Democrats; God help us all.


----------



## LongKnife56 (Sep 9, 2008)

As I alluded in my first post, I came here for another reason which is detailed in a message to another member, to which as a mod you must have access. I had not decided what to do with respect to the results of my research but unexpectedly his reply brought matters quickly to a head.

Anyway, in order to finish my search I had to register, and the rest, as they say, is history. (My being here has nothing to do with my job, but rather where I live (Quincy).)

My interest in this is strictly political. I have been a Palin supporter for VP for months (before her selection) and since I was here, I really just was curious about y'all's opinion on this. I was actually surprised not to find a pre-existing thread on it, as I should think it would have been a topic of prior interest.

I note you did not comment on the death threat to her father. Is that because comments in the midst of a heated divorce proceeding tend to be way over the top and are therefor discounted?

I do not know if this enterred into Palin's dismissal of the Public Safety Commissioner or whether it truly was for other valid and compelling reasons. If it had been my sister and my father so threatened, it would have been a factor, although perhaps unstated. My understanding is that she could dismiss him for any reason.

But my question is rather what you all as uninvolved onlookers but with inside knolwedge would have done if it was your decision.


----------



## Killjoy (Jun 23, 2003)

> What interest does Albert Risk Management Consultants have here at Masscops?


A very interesting question!
Just because we're Massachusetts' cops, don't make the mistake of thinking we share the liberal affections of so many sheeple in this state.


----------



## dcs2244 (Jan 29, 2004)

Lemming Alert!!!


----------



## kwflatbed (Dec 29, 2004)

" I was actually surprised not to find a pre-existing thread on it "

I guess you did not look very well.

http://www.masscops.com/forums/showthread.php?t=44682


----------



## MM1799 (Sep 14, 2006)

LongKnife56 said:


> (My being here has nothing to do with my job, but rather where I live (Quincy).)


If you're here to spy and report on our resident scapegoat for your city; *go away*. You wont be welcome.


----------



## LongKnife56 (Sep 9, 2008)

I gotta say you are the most suspicious forum I have ever joined. I suppose the possibility that I am here to spy and report to others is faintly possible but they can do (and have done) that themselves and never make a post. They don't need me to do it. I am here because they already did that. But if you knew me, the idea that I am a liberal troll is hilarious.

BTW I am now posting from my computer at home so you can check out one of my other IP's and know that I do live in Quincy. If you need further info like my license or plate number, PM me as I have nothing to hide.

I came here because I was asked to (and did) make a donation to a police union and wanted more info on its president.

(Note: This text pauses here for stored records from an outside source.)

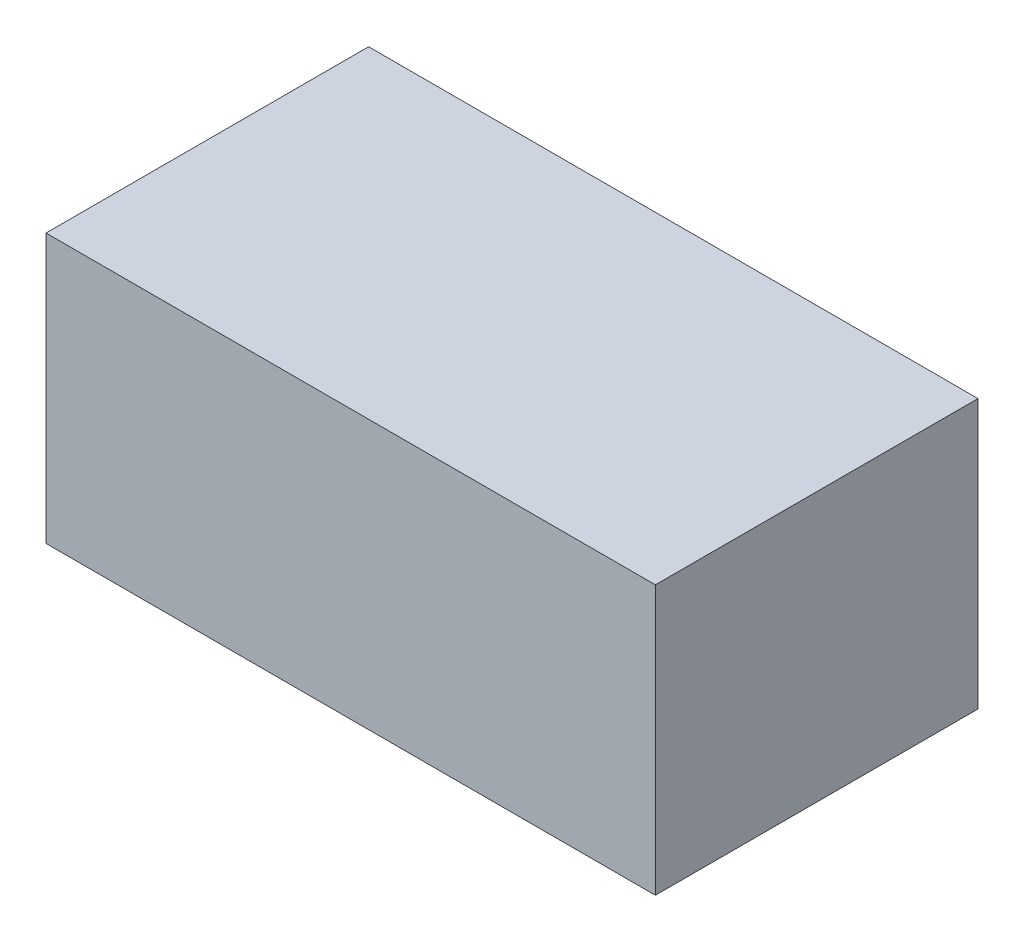
ISO-10303-21;
HEADER;
FILE_DESCRIPTION(('STEP AP214'),'2;1');
FILE_NAME('part.step','',(''),(''),'','','');
FILE_SCHEMA(('AUTOMOTIVE_DESIGN { 1 0 10303 214 1 1 1 1 }'));
ENDSEC;
DATA;
#1=APPLICATION_CONTEXT('core data for automotive mechanical design processes');
#2=APPLICATION_PROTOCOL_DEFINITION('international standard','automotive_design',2000,#1);
#3=PRODUCT_CONTEXT('',#1,'mechanical');
#4=PRODUCT('Part','Part','',(#3));
#5=PRODUCT_RELATED_PRODUCT_CATEGORY('part','',(#4));
#6=PRODUCT_DEFINITION_FORMATION('','',#4);
#7=PRODUCT_DEFINITION_CONTEXT('part definition',#1,'design');
#8=PRODUCT_DEFINITION('design','',#6,#7);
#9=PRODUCT_DEFINITION_SHAPE('','',#8);
#10=(LENGTH_UNIT() NAMED_UNIT(*) SI_UNIT(.MILLI.,.METRE.));
#11=(NAMED_UNIT(*) PLANE_ANGLE_UNIT() SI_UNIT($,.RADIAN.));
#12=(NAMED_UNIT(*) SI_UNIT($,.STERADIAN.) SOLID_ANGLE_UNIT());
#13=UNCERTAINTY_MEASURE_WITH_UNIT(LENGTH_MEASURE(1.E-05),#10,'distance_accuracy_value','');
#14=(GEOMETRIC_REPRESENTATION_CONTEXT(3) GLOBAL_UNCERTAINTY_ASSIGNED_CONTEXT((#13)) GLOBAL_UNIT_ASSIGNED_CONTEXT((#10,
#11,#12)) REPRESENTATION_CONTEXT('',''));
#15=CARTESIAN_POINT('',(0.,0.,0.));
#16=DIRECTION('',(0.,0.,1.));
#17=DIRECTION('',(1.,0.,0.));
#18=AXIS2_PLACEMENT_3D('',#15,#16,#17);
#19=CARTESIAN_POINT('',(0.,0.,0.9));
#20=DIRECTION('',(1.,0.,0.));
#21=DIRECTION('',(0.,0.,-1.));
#22=AXIS2_PLACEMENT_3D('',#19,#20,#21);
#23=PLANE('',#22);
#24=DIRECTION('',(0.,-1.,0.));
#25=VECTOR('',#24,1.);
#26=CARTESIAN_POINT('',(0.,0.,0.));
#27=LINE('',#26,#25);
#28=CARTESIAN_POINT('',(0.,0.75,0.));
#29=VERTEX_POINT('',#28);
#30=CARTESIAN_POINT('',(0.,0.,0.));
#31=VERTEX_POINT('',#30);
#32=EDGE_CURVE('E96',#29,#31,#27,.T.);
#33=ORIENTED_EDGE('',*,*,#32,.T.);
#34=DIRECTION('',(0.,0.,-1.));
#35=VECTOR('',#34,1.);
#36=CARTESIAN_POINT('',(0.,0.,0.9));
#37=LINE('',#36,#35);
#38=CARTESIAN_POINT('',(0.,0.,0.9));
#39=VERTEX_POINT('',#38);
#40=EDGE_CURVE('E11',#39,#31,#37,.T.);
#41=ORIENTED_EDGE('',*,*,#40,.F.);
#42=DIRECTION('',(0.,-1.,0.));
#43=VECTOR('',#42,1.);
#44=CARTESIAN_POINT('',(0.,0.,0.9));
#45=LINE('',#44,#43);
#46=CARTESIAN_POINT('',(0.,0.75,0.9));
#47=VERTEX_POINT('',#46);
#48=EDGE_CURVE('E84',#47,#39,#45,.T.);
#49=ORIENTED_EDGE('',*,*,#48,.F.);
#50=DIRECTION('',(0.,0.,-1.));
#51=VECTOR('',#50,1.);
#52=CARTESIAN_POINT('',(0.,0.75,0.9));
#53=LINE('',#52,#51);
#54=EDGE_CURVE('E92',#47,#29,#53,.T.);
#55=ORIENTED_EDGE('',*,*,#54,.T.);
#56=EDGE_LOOP('',(#33,#41,#49,#55));
#57=FACE_BOUND('',#56,.T.);
#58=ADVANCED_FACE('F33',(#57),#23,.F.);
#59=CARTESIAN_POINT('',(0.,0.,0.9));
#60=DIRECTION('',(0.,1.,0.));
#61=DIRECTION('',(0.,0.,1.));
#62=AXIS2_PLACEMENT_3D('',#59,#60,#61);
#63=PLANE('',#62);
#64=DIRECTION('',(1.,0.,0.));
#65=VECTOR('',#64,1.);
#66=CARTESIAN_POINT('',(0.,0.,0.));
#67=LINE('',#66,#65);
#68=CARTESIAN_POINT('',(1.7,0.,0.));
#69=VERTEX_POINT('',#68);
#70=EDGE_CURVE('E88',#31,#69,#67,.T.);
#71=ORIENTED_EDGE('',*,*,#70,.T.);
#72=DIRECTION('',(0.,0.,-1.));
#73=VECTOR('',#72,1.);
#74=CARTESIAN_POINT('',(1.7,0.,0.9));
#75=LINE('',#74,#73);
#76=CARTESIAN_POINT('',(1.7,0.,0.9));
#77=VERTEX_POINT('',#76);
#78=EDGE_CURVE('E41',#77,#69,#75,.T.);
#79=ORIENTED_EDGE('',*,*,#78,.F.);
#80=DIRECTION('',(1.,0.,0.));
#81=VECTOR('',#80,1.);
#82=CARTESIAN_POINT('',(0.,0.,0.9));
#83=LINE('',#82,#81);
#84=EDGE_CURVE('E79',#39,#77,#83,.T.);
#85=ORIENTED_EDGE('',*,*,#84,.F.);
#86=ORIENTED_EDGE('',*,*,#40,.T.);
#87=EDGE_LOOP('',(#71,#79,#85,#86));
#88=FACE_BOUND('',#87,.T.);
#89=ADVANCED_FACE('F87',(#88),#63,.F.);
#90=CARTESIAN_POINT('',(1.7,0.,0.9));
#91=DIRECTION('',(-1.,0.,0.));
#92=DIRECTION('',(0.,0.,1.));
#93=AXIS2_PLACEMENT_3D('',#90,#91,#92);
#94=PLANE('',#93);
#95=DIRECTION('',(0.,1.,0.));
#96=VECTOR('',#95,1.);
#97=CARTESIAN_POINT('',(1.7,0.,0.));
#98=LINE('',#97,#96);
#99=CARTESIAN_POINT('',(1.7,0.75,0.));
#100=VERTEX_POINT('',#99);
#101=EDGE_CURVE('E66',#69,#100,#98,.T.);
#102=ORIENTED_EDGE('',*,*,#101,.T.);
#103=DIRECTION('',(0.,0.,-1.));
#104=VECTOR('',#103,1.);
#105=CARTESIAN_POINT('',(1.7,0.75,0.9));
#106=LINE('',#105,#104);
#107=CARTESIAN_POINT('',(1.7,0.75,0.9));
#108=VERTEX_POINT('',#107);
#109=EDGE_CURVE('E89',#108,#100,#106,.T.);
#110=ORIENTED_EDGE('',*,*,#109,.F.);
#111=DIRECTION('',(0.,1.,0.));
#112=VECTOR('',#111,1.);
#113=CARTESIAN_POINT('',(1.7,0.,0.9));
#114=LINE('',#113,#112);
#115=EDGE_CURVE('E82',#77,#108,#114,.T.);
#116=ORIENTED_EDGE('',*,*,#115,.F.);
#117=ORIENTED_EDGE('',*,*,#78,.T.);
#118=EDGE_LOOP('',(#102,#110,#116,#117));
#119=FACE_BOUND('',#118,.T.);
#120=ADVANCED_FACE('F90',(#119),#94,.F.);
#121=CARTESIAN_POINT('',(0.,0.75,0.9));
#122=DIRECTION('',(0.,-1.,0.));
#123=DIRECTION('',(0.,0.,-1.));
#124=AXIS2_PLACEMENT_3D('',#121,#122,#123);
#125=PLANE('',#124);
#126=DIRECTION('',(-1.,0.,0.));
#127=VECTOR('',#126,1.);
#128=CARTESIAN_POINT('',(0.,0.75,0.));
#129=LINE('',#128,#127);
#130=EDGE_CURVE('E72',#100,#29,#129,.T.);
#131=ORIENTED_EDGE('',*,*,#130,.T.);
#132=ORIENTED_EDGE('',*,*,#54,.F.);
#133=DIRECTION('',(-1.,0.,0.));
#134=VECTOR('',#133,1.);
#135=CARTESIAN_POINT('',(0.,0.75,0.9));
#136=LINE('',#135,#134);
#137=EDGE_CURVE('E49',#108,#47,#136,.T.);
#138=ORIENTED_EDGE('',*,*,#137,.F.);
#139=ORIENTED_EDGE('',*,*,#109,.T.);
#140=EDGE_LOOP('',(#131,#132,#138,#139));
#141=FACE_BOUND('',#140,.T.);
#142=ADVANCED_FACE('F103',(#141),#125,.F.);
#143=CARTESIAN_POINT('',(0.,0.,0.9));
#144=DIRECTION('',(0.,0.,-1.));
#145=DIRECTION('',(-1.,0.,0.));
#146=AXIS2_PLACEMENT_3D('',#143,#144,#145);
#147=PLANE('',#146);
#148=ORIENTED_EDGE('',*,*,#48,.T.);
#149=ORIENTED_EDGE('',*,*,#84,.T.);
#150=ORIENTED_EDGE('',*,*,#115,.T.);
#151=ORIENTED_EDGE('',*,*,#137,.T.);
#152=EDGE_LOOP('',(#148,#149,#150,#151));
#153=FACE_BOUND('',#152,.T.);
#154=ADVANCED_FACE('F80',(#153),#147,.F.);
#155=CARTESIAN_POINT('',(0.,0.,0.));
#156=DIRECTION('',(0.,0.,-1.));
#157=DIRECTION('',(-1.,0.,0.));
#158=AXIS2_PLACEMENT_3D('',#155,#156,#157);
#159=PLANE('',#158);
#160=ORIENTED_EDGE('',*,*,#32,.F.);
#161=ORIENTED_EDGE('',*,*,#130,.F.);
#162=ORIENTED_EDGE('',*,*,#101,.F.);
#163=ORIENTED_EDGE('',*,*,#70,.F.);
#164=EDGE_LOOP('',(#160,#161,#162,#163));
#165=FACE_BOUND('',#164,.T.);
#166=ADVANCED_FACE('F106',(#165),#159,.T.);
#167=CLOSED_SHELL('',(#58,#89,#120,#142,#154,#166));
#168=MANIFOLD_SOLID_BREP('B2',#167);
#169=ADVANCED_BREP_SHAPE_REPRESENTATION('',(#18,#168),#14);
#170=SHAPE_DEFINITION_REPRESENTATION(#9,#169);
ENDSEC;
END-ISO-10303-21;

We do not donate to very many organizations and like to check out those to whom we do. My message (copied verbatim) to your "resident scapegoat" explains further:



> It's amazing that you are the first one to post a response to my first thread as I came to this site specifically to learn about you. Are you telepathic or did you get a notice about my user name search? I hadn't decided whether I would do anything other than research so your post kinda decided the issue for me. Up to now I have been working long hours/days and days and spend little time in Quincy. I have been remiss in my local civic duties. I have depended on my wife to follow local civic affairs for the both of us (which she does very well - watching most city council meetings and reading the online Ledger (we dropped our print subscription). So while I was aware of CLK's resignation, the Kaes suit, etc. I did not know the specifics and when I was was untypically home to answer a phone call asking for a donation to the QPPOA and your name was referenced, quite frankly it did not mean anything to me. (sorry.) We have a policy of not committing to any donations over the phone and discussing/checking them first, although on the general principle of supporting our local police and the fact that it would be picked up by them, I agreed to an unspecified donation. My wife however did know of you and your use of the C word (which she intensely dislikes). I do not think she knew its use was in reference to the 2nd amendment and while we would both use some other derogatory reference to the Senator as we are both very conservative, she would never use the C word (whereas I might use it with my peers, but not in front of my boy scouts). There is very strong language used on this forum, so its use fits in here. Anyway, we like to support people and groups who do good work, but who also support the same ideas as we do. So, I read your blog, and your Ledger links and I also came here to do further research as we had been supporters of the prior mayor and are still getting used to the new one and his supporters, so this represetns a change for us. Now that I have checked you out, next year's donation will be larger, but I have to level with you, that with gas prices this high you won't be able to do much more than local travel in the East.


Hopefully the above answers your questions.

Your views on Wooten may be in the 600+ replies in the "who do you like for president" thread but while I read some of it, I did not see them and in any case your views on what's appropriate for him could be different than your pick for president.


----------